Your right Flannel I believe acp stands for automatic colt pistol does it not. So doesn't that make it a colt 45 that takes a magazine. Now if your talking a colt single action army in 45 long colt. My point is I sure he knows what he has.. We always called them a 45 colt. Myself I rarely pack a gun but would feel perfectly safe with either one acp or 45 long colt laying in my front seat..
Automatic Colt Pistol

The .45 ACP (11.43×23mm) (*Automatic Colt Pistol*), also known as the .45 Auto by C.I.P. or 45 Auto by SAAMI, is a cartridge designed by John Browning in 1904, for use in his prototype Colt semi-automatic .45 pistol and eventually the M1911 pistol adopted by the United States Army in 1911.


----------



## ducman491 (Oct 31, 2011)

I think it tells you all you need to know about these kids that they took off running when your son came out after them.

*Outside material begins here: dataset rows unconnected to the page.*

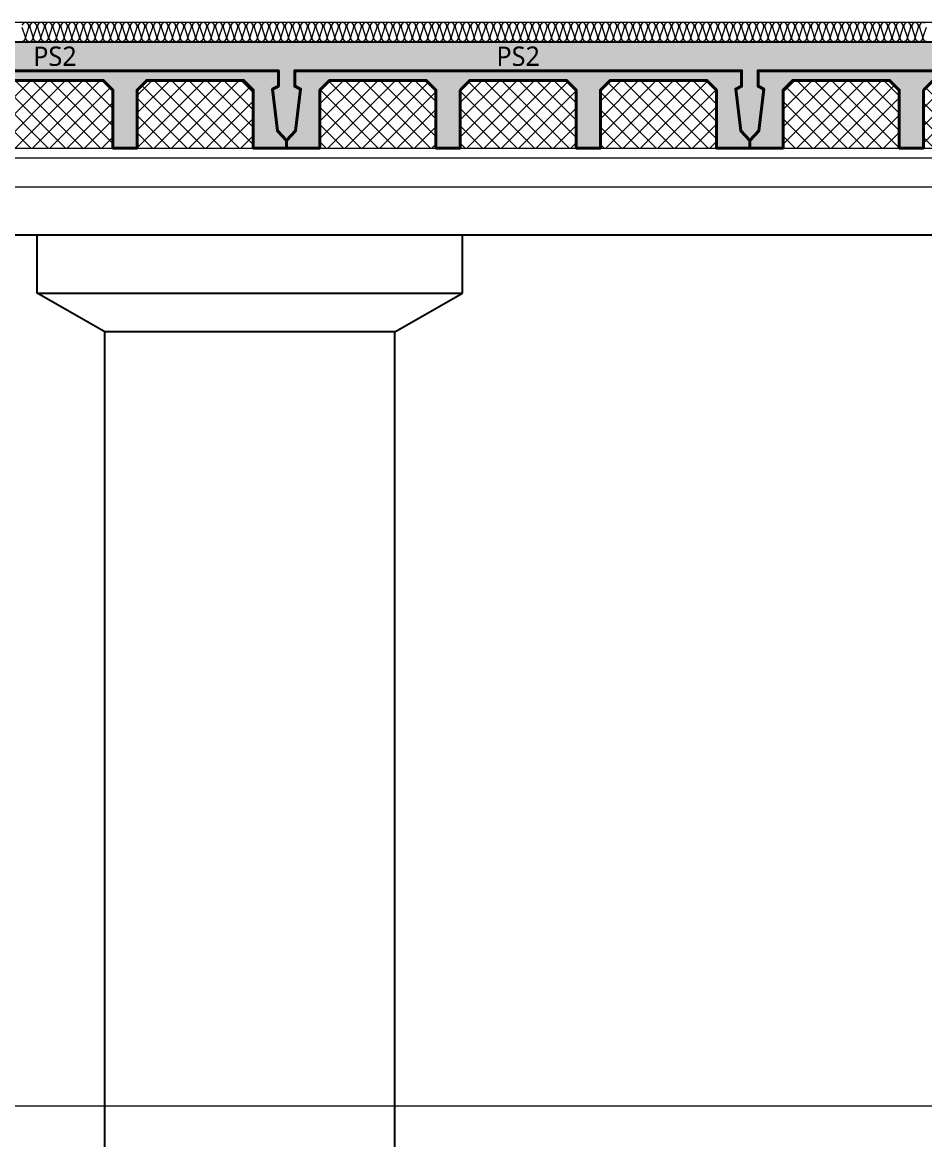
# Model space of a CAD drawing. Header units: millimetres. Extents: x 0 to 420000, y 0 to 297000.
# Drawn here: x 143836 to 148502, y 28526 to 34300 of the extents above; entities that cross this region are included whole.
import ezdxf
from ezdxf.enums import TextEntityAlignment as Align

# ---------------------------------------------------------------- set-up
doc = ezdxf.new("R2010")
doc.units = ezdxf.units.MM
doc.linetypes.add('0731_main_plan$0$form_$0$y-Landschaft$0$_$1$20120914_Verkehrsflächen_Grün$0$20120628_xref - Gammel$1$3_H-GL_F1_U3 - Default$0${ Offset Lines }', pattern=[0])
doc.linetypes.add('CEN', pattern=[62, 60, -1, 0, -1])
for name, color, linetype, lineweight in [('A-AXIS-LINE', 1, 'CEN', 15), ('A-CONC-LIN1', 2, 'Continuous', 40), ('A-CONC-LIN2', 7, 'Continuous', 25), ('A-ELEV-LIN2', 7, 'Continuous', 25), ('A-XXXX-INSL1', 15, 'Continuous', 18), ('A-XXXX-INSL2', 8, 'Continuous', 18)]:
    doc.layers.add(name, color=color, linetype=linetype, lineweight=lineweight)
doc.layers.add('A-CONC-SOLD', color=253, linetype='CEN')
doc.layers.add('A-XXXX-NPLT', color=144, linetype='Continuous', lineweight=15, plot=False)
doc.styles.add('맑은고딕', font='')
doc.styles.get('맑은고딕').set_extended_font_data('Malgun Gothic')

# ---------------------------------------------------------------- blocks, each defined once
blk = doc.blocks.new('axis(211208)')
at = {"layer": 'A-AXIS-LINE', "ltscale": 1000}
for p, q in [((4631788.1, -432118.7), (4955413.1, -432118.7)), ((4631788.1, -436868.7), (4955413.1, -436868.7))]:
    blk.add_line(p, q, dxfattribs=at)
blk = doc.blocks.new('PS2')
at = {"layer": 'A-CONC-SOLD'}
h = blk.add_hatch(color=256, dxfattribs=at)
h.dxf.hatch_style = 1
h.paths.add_polyline_path([(1197.5, 0), (-1197.5, 0), (-1197.5, -510), (-1150.5, -460), (-1125, -245), (-1155, -230), (-1155, -150), (1155, -150), (1155, -230), (1125, -245), (1150.5, -460), (1197.5, -510)])
h = blk.add_hatch(color=256, dxfattribs=at)
h.dxf.hatch_style = 1
h.paths.add_polyline_path([(-1150.5, -460), (-1197.5, -510), (-1197.5, -550), (-1025, -550), (-1025, -510), (-1025, -250), (-975, -200), (-475, -200), (-425, -250), (-425, -510), (-425, -550), (-300, -550), (-300, -510), (-300, -250), (-250, -200), (250, -200), (300, -250), (300, -510), (300, -550), (425, -550), (425, -510), (425, -250), (475, -200), (975, -200), (1025, -250), (1025, -510), (1025, -550), (1197.5, -550), (1197.5, -510), (1150.5, -460), (1125, -245), (1155, -230), (1155, -150), (-1155, -150), (-1155, -230), (-1125, -245)])
at = {"layer": 'A-XXXX-INSL2'}
h = blk.add_hatch(dxfattribs=at)
h.set_pattern_fill('ANSI37', color=256, scale=20)
h.set_pattern_definition([(45, (-289951.5, -41968), (-44.90128, 44.90128), []), (135, (-289951.5, -41968), (-44.90128, -44.90128), [])])
h.paths.add_polyline_path([(-975, -200), (-1025, -250), (-1025, -510), (-1025, -550), (-425, -550), (-425, -510), (-425, -250), (-475, -200)])
h.paths.add_polyline_path([(-250, -200), (-300, -250), (-300, -510), (-300, -550), (300, -550), (300, -510), (300, -250), (250, -200)])
h.paths.add_polyline_path([(425, -510), (425, -550), (1025, -550), (1025, -510), (1025, -250), (975, -200), (475, -200), (425, -250)])
at = {"layer": 'A-CONC-LIN1', "color": 2, "linetype": '0731_main_plan$0$form_$0$y-Landschaft$0$_$1$20120914_Verkehrsflächen_Grün$0$20120628_xref - Gammel$1$3_H-GL_F1_U3 - Default$0${ Offset Lines }'}
blk.add_lwpolyline([(-300, -250), (-300, -510), (-300, -510), (-300, -550), (-425, -550), (-425, -510), (-425, -510), (-425, -250), (-475, -200), (-975, -200), (-1025, -250), (-1025, -510), (-1025, -510), (-1025, -550), (-1197.5, -550), (-1197.5, -510), (-1150.5, -460), (-1125, -245), (-1155, -230), (-1155, -150), (1155, -150), (1155, -230), (1125, -245), (1150.5, -460), (1197.5, -510), (1197.5, -550), (1025, -550), (1025, -510), (1025, -510), (1025, -250), (975, -200), (475, -200), (425, -250), (425, -510), (425, -510), (425, -550), (300, -550), (300, -510), (300, -510), (300, -250), (250, -200), (-250, -200)], close=True, dxfattribs=at)
at = {"layer": 'A-CONC-LIN2'}
blk.add_line((-1197.5, 0), (1197.5, 0), dxfattribs=at)
at = {"layer": 'A-XXXX-NPLT'}
for p, q in [((-1025, -550), (-425, -550)), ((-300, -550), (300, -550)), ((425, -550), (1025, -550))]:
    blk.add_line(p, q, dxfattribs=at)
at = {"layer": 'A-XXXX-NPLT', "style": '맑은고딕'}
blk.add_text('PS2', height=100, dxfattribs=at).set_placement((0, -75), align=Align.MIDDLE)
blk = doc.blocks.new('지하2층')
at = {"layer": 'A-ELEV-LIN2'}
for p, q in [((4714223.8, -392368.7), (4705423.8, -392368.7)), ((4716423.8, -392368.7), (4714223.8, -392368.7)), ((4714223.8, -392668.7), (4714223.8, -392368.7)), ((4716423.8, -392668.7), (4716423.8, -392368.7)), ((4725223.8, -392368.7), (4716423.8, -392368.7)), ((4714223.8, -392668.7), (4716423.8, -392668.7)), ((4714573.8, -392868.7), (4714223.8, -392668.7)), ((4716073.8, -392868.7), (4716423.8, -392668.7)), ((4714573.8, -401118.7), (4714573.8, -392868.7)), ((4716073.8, -392868.7), (4714573.8, -392868.7)), ((4716073.8, -401118.7), (4716073.8, -392868.7))]:
    blk.add_line(p, q, dxfattribs=at)
at = {"layer": 'A-XXXX-INSL1'}
blk.add_lwpolyline([(4686073.8, -391968.7), (4725973.8, -391968.7), (4725973.8, -392418.7), (4726673.8, -392418.7), (4726673.8, -391968.7), (4734973.8, -391968.7)], dxfattribs=at)
at = {"layer": 'A-XXXX-INSL2'}
blk.add_line((4758623.8, -391268.7), (4681723.8, -391268.7), dxfattribs=at)
for points in [[(4718823.8, -391368.7), (4718812.8, -391364.7), (4718805.8, -391354.7), (4718805.8, -391343.7), (4718821.8, -391293.7)], [(4718814.8, -391272.7), (4718803.8, -391268.7), (4718792.8, -391272.7), (4718785.8, -391282.7), (4718785.8, -391293.7), (4718801.8, -391343.7), (4718801.8, -391354.7), (4718794.8, -391364.7), (4718783.8, -391368.7), (4718772.8, -391364.7), (4718765.8, -391354.7), (4718765.8, -391343.7), (4718781.8, -391293.7), (4718781.8, -391282.7), (4718774.8, -391272.7), (4718763.8, -391268.7), (4718752.8, -391272.7), (4718745.8, -391282.7), (4718745.8, -391293.7), (4718761.8, -391343.7), (4718761.8, -391354.7), (4718754.8, -391364.7), (4718743.8, -391368.7), (4718732.8, -391364.7), (4718725.8, -391354.7), (4718725.8, -391343.7), (4718741.8, -391293.7), (4718741.8, -391282.7), (4718734.8, -391272.7), (4718723.8, -391268.7), (4718712.8, -391272.7), (4718705.8, -391282.7), (4718705.8, -391293.7), (4718721.8, -391343.7), (4718721.8, -391354.7), (4718714.8, -391364.7), (4718703.8, -391368.7), (4718692.8, -391364.7), (4718685.8, -391354.7), (4718685.8, -391343.7), (4718701.8, -391293.7), (4718701.8, -391282.7), (4718694.8, -391272.7), (4718683.8, -391268.7), (4718672.8, -391272.7), (4718665.8, -391282.7), (4718665.8, -391293.7), (4718681.8, -391343.7), (4718681.8, -391354.7), (4718674.8, -391364.7), (4718663.8, -391368.7), (4718652.8, -391364.7), (4718645.8, -391354.7), (4718645.8, -391343.7), (4718661.8, -391293.7), (4718661.8, -391282.7), (4718654.8, -391272.7), (4718643.8, -391268.7), (4718632.8, -391272.7), (4718625.8, -391282.7), (4718625.8, -391293.7), (4718641.8, -391343.7), (4718641.8, -391354.7), (4718634.8, -391364.7), (4718623.8, -391368.7), (4718612.8, -391364.7), (4718605.8, -391354.7), (4718605.8, -391343.7), (4718621.8, -391293.7), (4718621.8, -391282.7), (4718614.8, -391272.7), (4718603.8, -391268.7), (4718592.8, -391272.7), (4718585.8, -391282.7), (4718585.8, -391293.7), (4718601.8, -391343.7), (4718601.8, -391354.7), (4718594.8, -391364.7), (4718583.8, -391368.7), (4718572.8, -391364.7), (4718565.8, -391354.7), (4718565.8, -391343.7), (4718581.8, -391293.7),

If they are man enough to run their mouth they should be man enough to back it up. Obviously, none of them were men.


----------



## bobk (Apr 30, 2004)

Matt should have stayed in his seat.


----------



## Flannel_Carp (Apr 7, 2014)

Mason52 said:


> Your right Flannel I believe acp stands for automatic colt pistol does it not. So doesn't that make it a colt 45 that takes a magazine. Now if your talking a colt single action army in 45 long colt. My point is I sure he knows what he has.. We always called them a 45 colt. Myself I rarely pack a gun but would feel perfectly safe with either one acp or 45 long colt laying in my front seat..
> Automatic Colt Pistol
> 
> The .45 ACP (11.43×23mm) (*Automatic Colt Pistol*), also known as the .45 Auto by C.I.P. or 45 Auto by SAAMI, is a cartridge designed by John Browning in 1904, for use in his prototype Colt semi-automatic .45 pistol and eventually the M1911 pistol adopted by the United States Army in 1911.


You addressed me but you quoted someone else, FYI.


----------



## NCbassattack (May 5, 2014)

All things considered, maybe we should have let it go, and considered the source. But until it happens to you, you don't know how you'll react. Like I said, I cannot say here what that vermin said to my 13 year old granddaughter.


----------



## Ruminator (Apr 6, 2004)

Being involved in such a situation as that can make you just want to explode on that someone. I'm sure that's how Matt felt when he reacted from his emotions.
I've been there, as probably many of us has at one time or another.
A righteous anger wells up inside you and you want justice!
It all comes down to the fact that you, in that kind of situation aren't going to be able to literally "pound some sense into" someone. So its a selfish action to pursue, and will cost not only yourself, but your loved ones as well. Its a lose/lose situation that we all hate to be caught in, but I've come to realize that I can control the amount of loss with my reactions and force myself to control myself.

Life isn't fair, and there are in today's world people who don't care what happens to them.
As long as you care about anything you can't take on that kind of person and win.
I've worked with a couple in the steel mills.
NC, I feel for Matt and yourself. As his dad encourage him to fight hard learning more self-control so he doesn't mess up his life.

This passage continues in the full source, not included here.